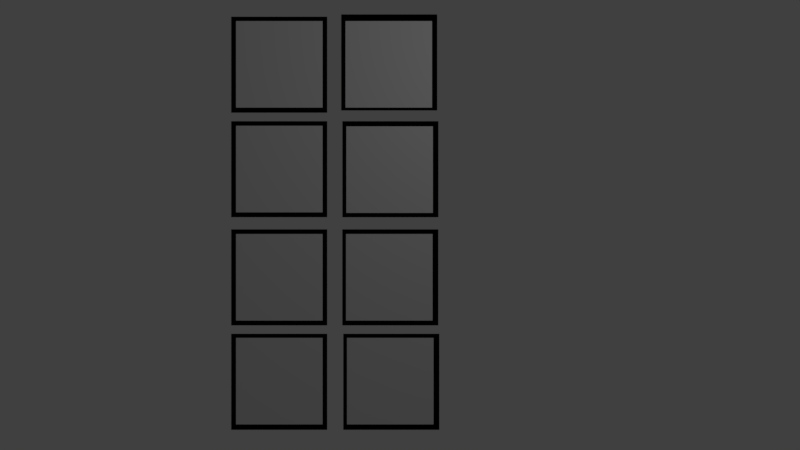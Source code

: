 # Source: icons.blend  (saved by Blender 2.78.0; exported with 4.5.12 LTS)
import bpy
from mathutils import Matrix  # noqa: F401  (used for matrix-valued properties, if any)

bpy.ops.wm.read_factory_settings(use_empty=True)
scene = bpy.context.scene
scene.name = 'Scene'

# ---- collections
col_collection_1 = bpy.data.collections.new('Collection 1'); scene.collection.children.link(col_collection_1)

# ---- materials (node trees are filled in below, after node groups)
mat_icon = bpy.data.materials.new('icon')
mat_icon.alpha_threshold = 0.0
mat_icon.use_transparent_shadow = False
mat_icon.roughness = 0.5
mat_icon_edge = bpy.data.materials.new('icon_edge')
mat_icon_edge.alpha_threshold = 0.0
mat_icon_edge.use_transparent_shadow = False
mat_icon_edge.diffuse_color = (0.0, 0.0, 0.0, 1.0)
mat_icon_edge.roughness = 0.5

# ---- material node trees

# ---- world
world_world = bpy.data.worlds.new('World'); scene.world = world_world
world_world.color = (0.05088, 0.05088, 0.05088)
world_world.use_sun_shadow = False
world_world.sun_shadow_jitter_overblur = 0.0
world_world.cycles.sampling_method = 'MANUAL'

# ---- cameras
cam_camera = bpy.data.cameras.new('Camera')
cam_camera.clip_end = 100.0
cam_camera.lens = 35.0
cam_camera.sensor_width = 32.0
cam_camera.sensor_height = 18.0
cam_camera.ortho_scale = 7.314
cam_camera.dof.focus_distance = 0.0
cam_camera.dof.aperture_fstop = 128.0

# ---- lights
light_lamp = bpy.data.lights.new('Lamp', 'POINT')
light_lamp.transmission_factor = 0.0
light_lamp.cutoff_distance = 30.0
light_lamp.energy = 100.0
light_lamp.shadow_buffer_clip_start = 1.001
light_lamp.shadow_soft_size = 0.1
light_lamp.shadow_maximum_resolution = 0.006
light_lamp.use_absolute_resolution = True

# ---- meshes
me_plane_016 = bpy.data.meshes.new('Plane.016')
me_plane_016.from_pydata([(-1.0, -1.0, 0.0), (1.0, -1.0, 0.0), (-1.0, 1.0, 0.0), (1.0, 1.0, 0.0), (-1.088, -1.136, -0.0476), (1.135, -1.136, -0.0476), (-1.088, 1.087, -0.0476), (1.135, 1.087, -0.0476)], [], [(0, 1, 3, 2), (4, 5, 7, 6)])
me_plane_016.polygons.foreach_set('material_index', [0, 1])
_uv = me_plane_016.uv_layers.new(name='UVMap')
_uv.uv.foreach_set('vector', [0.7448, 0.1171, 0.9156, 0.1171, 0.9156, 0.4933, 0.7448, 0.4933, 0.0, 0.0, 0.0, 0.0, 0.0, 0.0, 0.0, 0.0])
me_plane_016.materials.append(mat_icon)
me_plane_016.materials.append(mat_icon_edge)
me_plane_016.use_remesh_preserve_volume = False
me_plane_016.use_remesh_preserve_attributes = False
me_plane_016.use_mirror_vertex_groups = False
me_plane_016.update()
me_plane_013 = bpy.data.meshes.new('Plane.013')
me_plane_013.from_pydata([(-1.0, -1.0, 0.0), (1.0, -1.0, 0.0), (-1.0, 1.0, 0.0), (1.0, 1.0, 0.0), (-1.12, -1.136, -0.0476), (1.102, -1.136, -0.0476), (-1.12, 1.087, -0.0476), (1.102, 1.087, -0.0476)], [], [(0, 1, 3, 2), (4, 5, 7, 6)])
me_plane_013.polygons.foreach_set('material_index', [0, 1])
_uv = me_plane_013.uv_layers.new(name='UVMap')
_uv.uv.foreach_set('vector', [0.5357, 0.1171, 0.7065, 0.1171, 0.7065, 0.4933, 0.5357, 0.4933, 0.0, 0.0, 0.0, 0.0, 0.0, 0.0, 0.0, 0.0])
me_plane_013.materials.append(mat_icon)
me_plane_013.materials.append(mat_icon_edge)
me_plane_013.use_remesh_preserve_volume = False
me_plane_013.use_remesh_preserve_attributes = False
me_plane_013.use_mirror_vertex_groups = False
me_plane_013.update()
me_plane_011 = bpy.data.meshes.new('Plane.011')
me_plane_011.from_pydata([(-1.0, -1.0, 0.0), (1.0, -1.0, 0.0), (-1.0, 1.0, 0.0), (1.0, 1.0, 0.0), (-1.088, -1.117, -0.0476), (1.134, -1.117, -0.0476), (-1.088, 1.106, -0.0476), (1.134, 1.106, -0.0476)], [], [(0, 1, 3, 2), (4, 5, 7, 6)])
me_plane_011.polygons.foreach_set('material_index', [0, 1])
_uv = me_plane_011.uv_layers.new(name='UVMap')
_uv.uv.foreach_set('vector', [0.2897, 0.1171, 0.4851, 0.1171, 0.4851, 0.4933, 0.2897, 0.4933, 0.0, 0.0, 0.0, 0.0, 0.0, 0.0, 0.0, 0.0])
me_plane_011.materials.append(mat_icon)
me_plane_011.materials.append(mat_icon_edge)
me_plane_011.use_remesh_preserve_volume = False
me_plane_011.use_remesh_preserve_attributes = False
me_plane_011.use_mirror_vertex_groups = False
me_plane_011.update()
me_plane_009 = bpy.data.meshes.new('Plane.009')
me_plane_009.from_pydata([(-1.0, -1.0, 0.0), (1.0, -1.0, 0.0), (-1.0, 1.0, 0.0), (1.0, 1.0, 0.0), (-1.12, -1.117, -0.0476), (1.102, -1.117, -0.0476), (-1.12, 1.106, -0.0476), (1.102, 1.106, -0.0476)], [], [(0, 1, 3, 2), (4, 5, 7, 6)])
me_plane_009.polygons.foreach_set('material_index', [0, 1])
_uv = me_plane_009.uv_layers.new(name='UVMap')
_uv.uv.foreach_set('vector', [0.03145, 0.1171, 0.2022, 0.1171, 0.2022, 0.4933, 0.03145, 0.4933, 0.0, 0.0, 0.0, 0.0, 0.0, 0.0, 0.0, 0.0])
me_plane_009.materials.append(mat_icon)
me_plane_009.materials.append(mat_icon_edge)
me_plane_009.use_remesh_preserve_volume = False
me_plane_009.use_remesh_preserve_attributes = False
me_plane_009.use_mirror_vertex_groups = False
me_plane_009.update()
me_plane_007 = bpy.data.meshes.new('Plane.007')
me_plane_007.from_pydata([(-1.0, -1.0, 0.0), (1.0, -1.0, 0.0), (-1.0, 1.0, 0.0), (1.0, 1.0, 0.0), (-1.094, -1.099, -0.0476), (1.129, -1.099, -0.0476), (-1.094, 1.124, -0.0476), (1.129, 1.124, -0.0476)], [], [(0, 1, 3, 2), (4, 5, 7, 6)])
me_plane_007.polygons.foreach_set('material_index', [0, 1])
_uv = me_plane_007.uv_layers.new(name='UVMap')
_uv.uv.foreach_set('vector', [0.7407, 0.5629, 0.9115, 0.5629, 0.9115, 0.9391, 0.7407, 0.9391, 0.0, 0.0, 0.0, 0.0, 0.0, 0.0, 0.0, 0.0])
me_plane_007.materials.append(mat_icon)
me_plane_007.materials.append(mat_icon_edge)
me_plane_007.use_remesh_preserve_volume = False
me_plane_007.use_remesh_preserve_attributes = False
me_plane_007.use_mirror_vertex_groups = False
me_plane_007.update()
me_plane_005 = bpy.data.meshes.new('Plane.005')
me_plane_005.from_pydata([(-1.0, -1.0, 0.0), (1.0, -1.0, 0.0), (-1.0, 1.0, 0.0), (1.0, 1.0, 0.0), (-1.12, -1.111, -0.0476), (1.102, -1.111, -0.0476), (-1.12, 1.111, -0.0476), (1.102, 1.111, -0.0476)], [], [(0, 1, 3, 2), (4, 5, 7, 6)])
me_plane_005.polygons.foreach_set('material_index', [0, 1])
_uv = me_plane_005.uv_layers.new(name='UVMap')
_uv.uv.foreach_set('vector', [0.5356, 0.5904, 0.7064, 0.5904, 0.7064, 0.9666, 0.5356, 0.9666, 0.0, 0.0, 0.0, 0.0, 0.0, 0.0, 0.0, 0.0])
me_plane_005.materials.append(mat_icon)
me_plane_005.materials.append(mat_icon_edge)
me_plane_005.use_remesh_preserve_volume = False
me_plane_005.use_remesh_preserve_attributes = False
me_plane_005.use_mirror_vertex_groups = False
me_plane_005.update()
me_plane = bpy.data.meshes.new('Plane')
me_plane.from_pydata([(-1.0, -1.0, 0.0), (1.0, -1.0, 0.0), (-1.0, 1.0, 0.0), (1.0, 1.0, 0.0), (-1.12, -1.111, -0.0476), (1.102, -1.111, -0.0476), (-1.12, 1.111, -0.0476), (1.102, 1.111, -0.0476)], [], [(0, 1, 3, 2), (4, 5, 7, 6)])
me_plane.polygons.foreach_set('material_index', [0, 1])
_uv = me_plane.uv_layers.new(name='UVMap')
_uv.uv.foreach_set('vector', [0.005279, 0.5904, 0.2314, 0.5904, 0.2314, 0.9666, 0.005279, 0.9666, 0.0, 0.0, 0.0, 0.0, 0.0, 0.0, 0.0, 0.0])
me_plane.materials.append(mat_icon)
me_plane.materials.append(mat_icon_edge)
me_plane.use_remesh_preserve_volume = False
me_plane.use_remesh_preserve_attributes = False
me_plane.use_mirror_vertex_groups = False
me_plane.update()
me_plane_003 = bpy.data.meshes.new('Plane.003')
me_plane_003.from_pydata([(-1.0, -1.0, 0.0), (1.0, -1.0, 0.0), (-1.0, 1.0, 0.0), (1.0, 1.0, 0.0), (-1.102, -1.059, -0.0476), (1.12, -1.059, -0.0476), (-1.102, 1.164, -0.0476), (1.12, 1.164, -0.0476)], [], [(0, 1, 3, 2), (4, 5, 7, 6)])
me_plane_003.polygons.foreach_set('material_index', [0, 1])
_uv = me_plane_003.uv_layers.new(name='UVMap')
_uv.uv.foreach_set('vector', [0.2858, 0.5904, 0.4566, 0.5904, 0.4566, 0.9666, 0.2858, 0.9666, 0.0, 0.0, 0.0, 0.0, 0.0, 0.0, 0.0, 0.0])
me_plane_003.materials.append(mat_icon)
me_plane_003.materials.append(mat_icon_edge)
me_plane_003.use_remesh_preserve_volume = False
me_plane_003.use_remesh_preserve_attributes = False
me_plane_003.use_mirror_vertex_groups = False
me_plane_003.update()

# ---- objects
ob_pause_icon = bpy.data.objects.new('pause_icon', me_plane_016)
ob_cross_icon = bpy.data.objects.new('cross_icon', me_plane_013)
ob_ok_icon = bpy.data.objects.new('ok_icon', me_plane_011)
ob_reshuffle_icon = bpy.data.objects.new('reshuffle_icon', me_plane_009)
ob_play_icon = bpy.data.objects.new('play_icon', me_plane_007)
ob_pattern_icon = bpy.data.objects.new('pattern_icon', me_plane_005)
ob_home_icon = bpy.data.objects.new('home_icon', me_plane)
ob_back_icon = bpy.data.objects.new('back_icon', me_plane_003)
ob_lamp = bpy.data.objects.new('Lamp', light_lamp)
ob_camera = bpy.data.objects.new('Camera', cam_camera)

# ---- transforms, parenting, visibility, modifiers, constraints
ob_pause_icon.location = (0.996, -6.035, 0.0)
ob_pause_icon.lineart.crease_threshold = 0.0
ob_cross_icon.location = (-1.567, -6.035, 0.0)
ob_cross_icon.lineart.crease_threshold = 0.0
ob_ok_icon.location = (0.9735, -3.636, 0.0)
ob_ok_icon.lineart.crease_threshold = 0.0
ob_reshuffle_icon.location = (-1.567, -3.636, 0.0)
ob_reshuffle_icon.lineart.crease_threshold = 0.0
ob_play_icon.location = (0.9811, -1.15, 0.0)
ob_play_icon.lineart.crease_threshold = 0.0
ob_pattern_icon.location = (-1.567, -1.137, 0.0)
ob_pattern_icon.lineart.crease_threshold = 0.0
ob_home_icon.location = (-1.567, 1.282, 0.0)
ob_home_icon.lineart.crease_threshold = 0.0
ob_back_icon.location = (0.9618, 1.282, 0.0)
ob_back_icon.lineart.crease_threshold = 0.0
ob_lamp.location = (4.076, 2.209, 5.904)
ob_lamp.rotation_euler = (0.6503, 0.05522, 1.866)
ob_lamp.lock_rotations_4d = False
ob_lamp.empty_display_type = 'ARROWS'
ob_lamp.color = (0.0, 0.0, 0.0, 0.0)
ob_lamp.lineart.crease_threshold = 0.0
ob_camera.location = (1.221, -2.429, 20.21)
ob_camera.lock_rotations_4d = False
ob_camera.empty_display_type = 'ARROWS'
ob_camera.color = (0.0, 0.0, 0.0, 0.0)
ob_camera.display_type = 'WIRE'
ob_camera.lineart.crease_threshold = 0.0

# ---- collection membership
col_collection_1.objects.link(ob_pause_icon)
col_collection_1.objects.link(ob_cross_icon)
col_collection_1.objects.link(ob_ok_icon)
col_collection_1.objects.link(ob_reshuffle_icon)
col_collection_1.objects.link(ob_play_icon)
col_collection_1.objects.link(ob_pattern_icon)
col_collection_1.objects.link(ob_home_icon)
col_collection_1.objects.link(ob_back_icon)
col_collection_1.objects.link(ob_lamp)
col_collection_1.objects.link(ob_camera)

# ---- scene / render settings (as saved in the file)
scene.camera = ob_camera
scene.frame_start = 1; scene.frame_end = 250; scene.frame_set(1)
scene.render.engine = 'BLENDER_EEVEE_NEXT'
scene.render.resolution_percentage = 50
scene.render.dither_intensity = 0.0
scene.cycles.use_denoising = False
scene.cycles.samples = 128
scene.cycles.sampling_pattern = 'TABULATED_SOBOL'
scene.cycles.light_sampling_threshold = 0.0
scene.cycles.use_adaptive_sampling = False
scene.cycles.use_light_tree = False
scene.cycles.blur_glossy = 0.0
scene.cycles.sample_clamp_indirect = 0.0
scene.view_settings.view_transform = 'Standard'
bpy.context.view_layer.update()

- _Task directions_
Beginning at the first line of the listing, print each line exactly until and including the one that has "mat_icon_edge.roughness = 0.5"; skip pictures.

- _Response for this exercise_
Source code

: # Source: icons.blend  (saved by Blender 2.78.0; exported with 4.5.12 LTS)
import bpy
from mathutils import Matrix  # noqa: F401  (used for matrix-valued properties, if any)

bpy.ops.wm.read_factory_settings(use_empty=True)
scene = bpy.context.scene
scene.name = 'Scene'

# ---- collections
col_collection_1 = bpy.data.collections.new('Collection 1'); scene.collection.children.link(col_collection_1)

# ---- materials (node trees are filled in below, after node groups)
mat_icon = bpy.data.materials.new('icon')
mat_icon.alpha_threshold = 0.0
mat_icon.use_transparent_shadow = False
mat_icon.roughness = 0.5
mat_icon_edge = bpy.data.materials.new('icon_edge')
mat_icon_edge.alpha_threshold = 0.0
mat_icon_edge.use_transparent_shadow = False
mat_icon_edge.diffuse_color = (0.0, 0.0, 0.0, 1.0)
mat_icon_edge.roughness = 0.5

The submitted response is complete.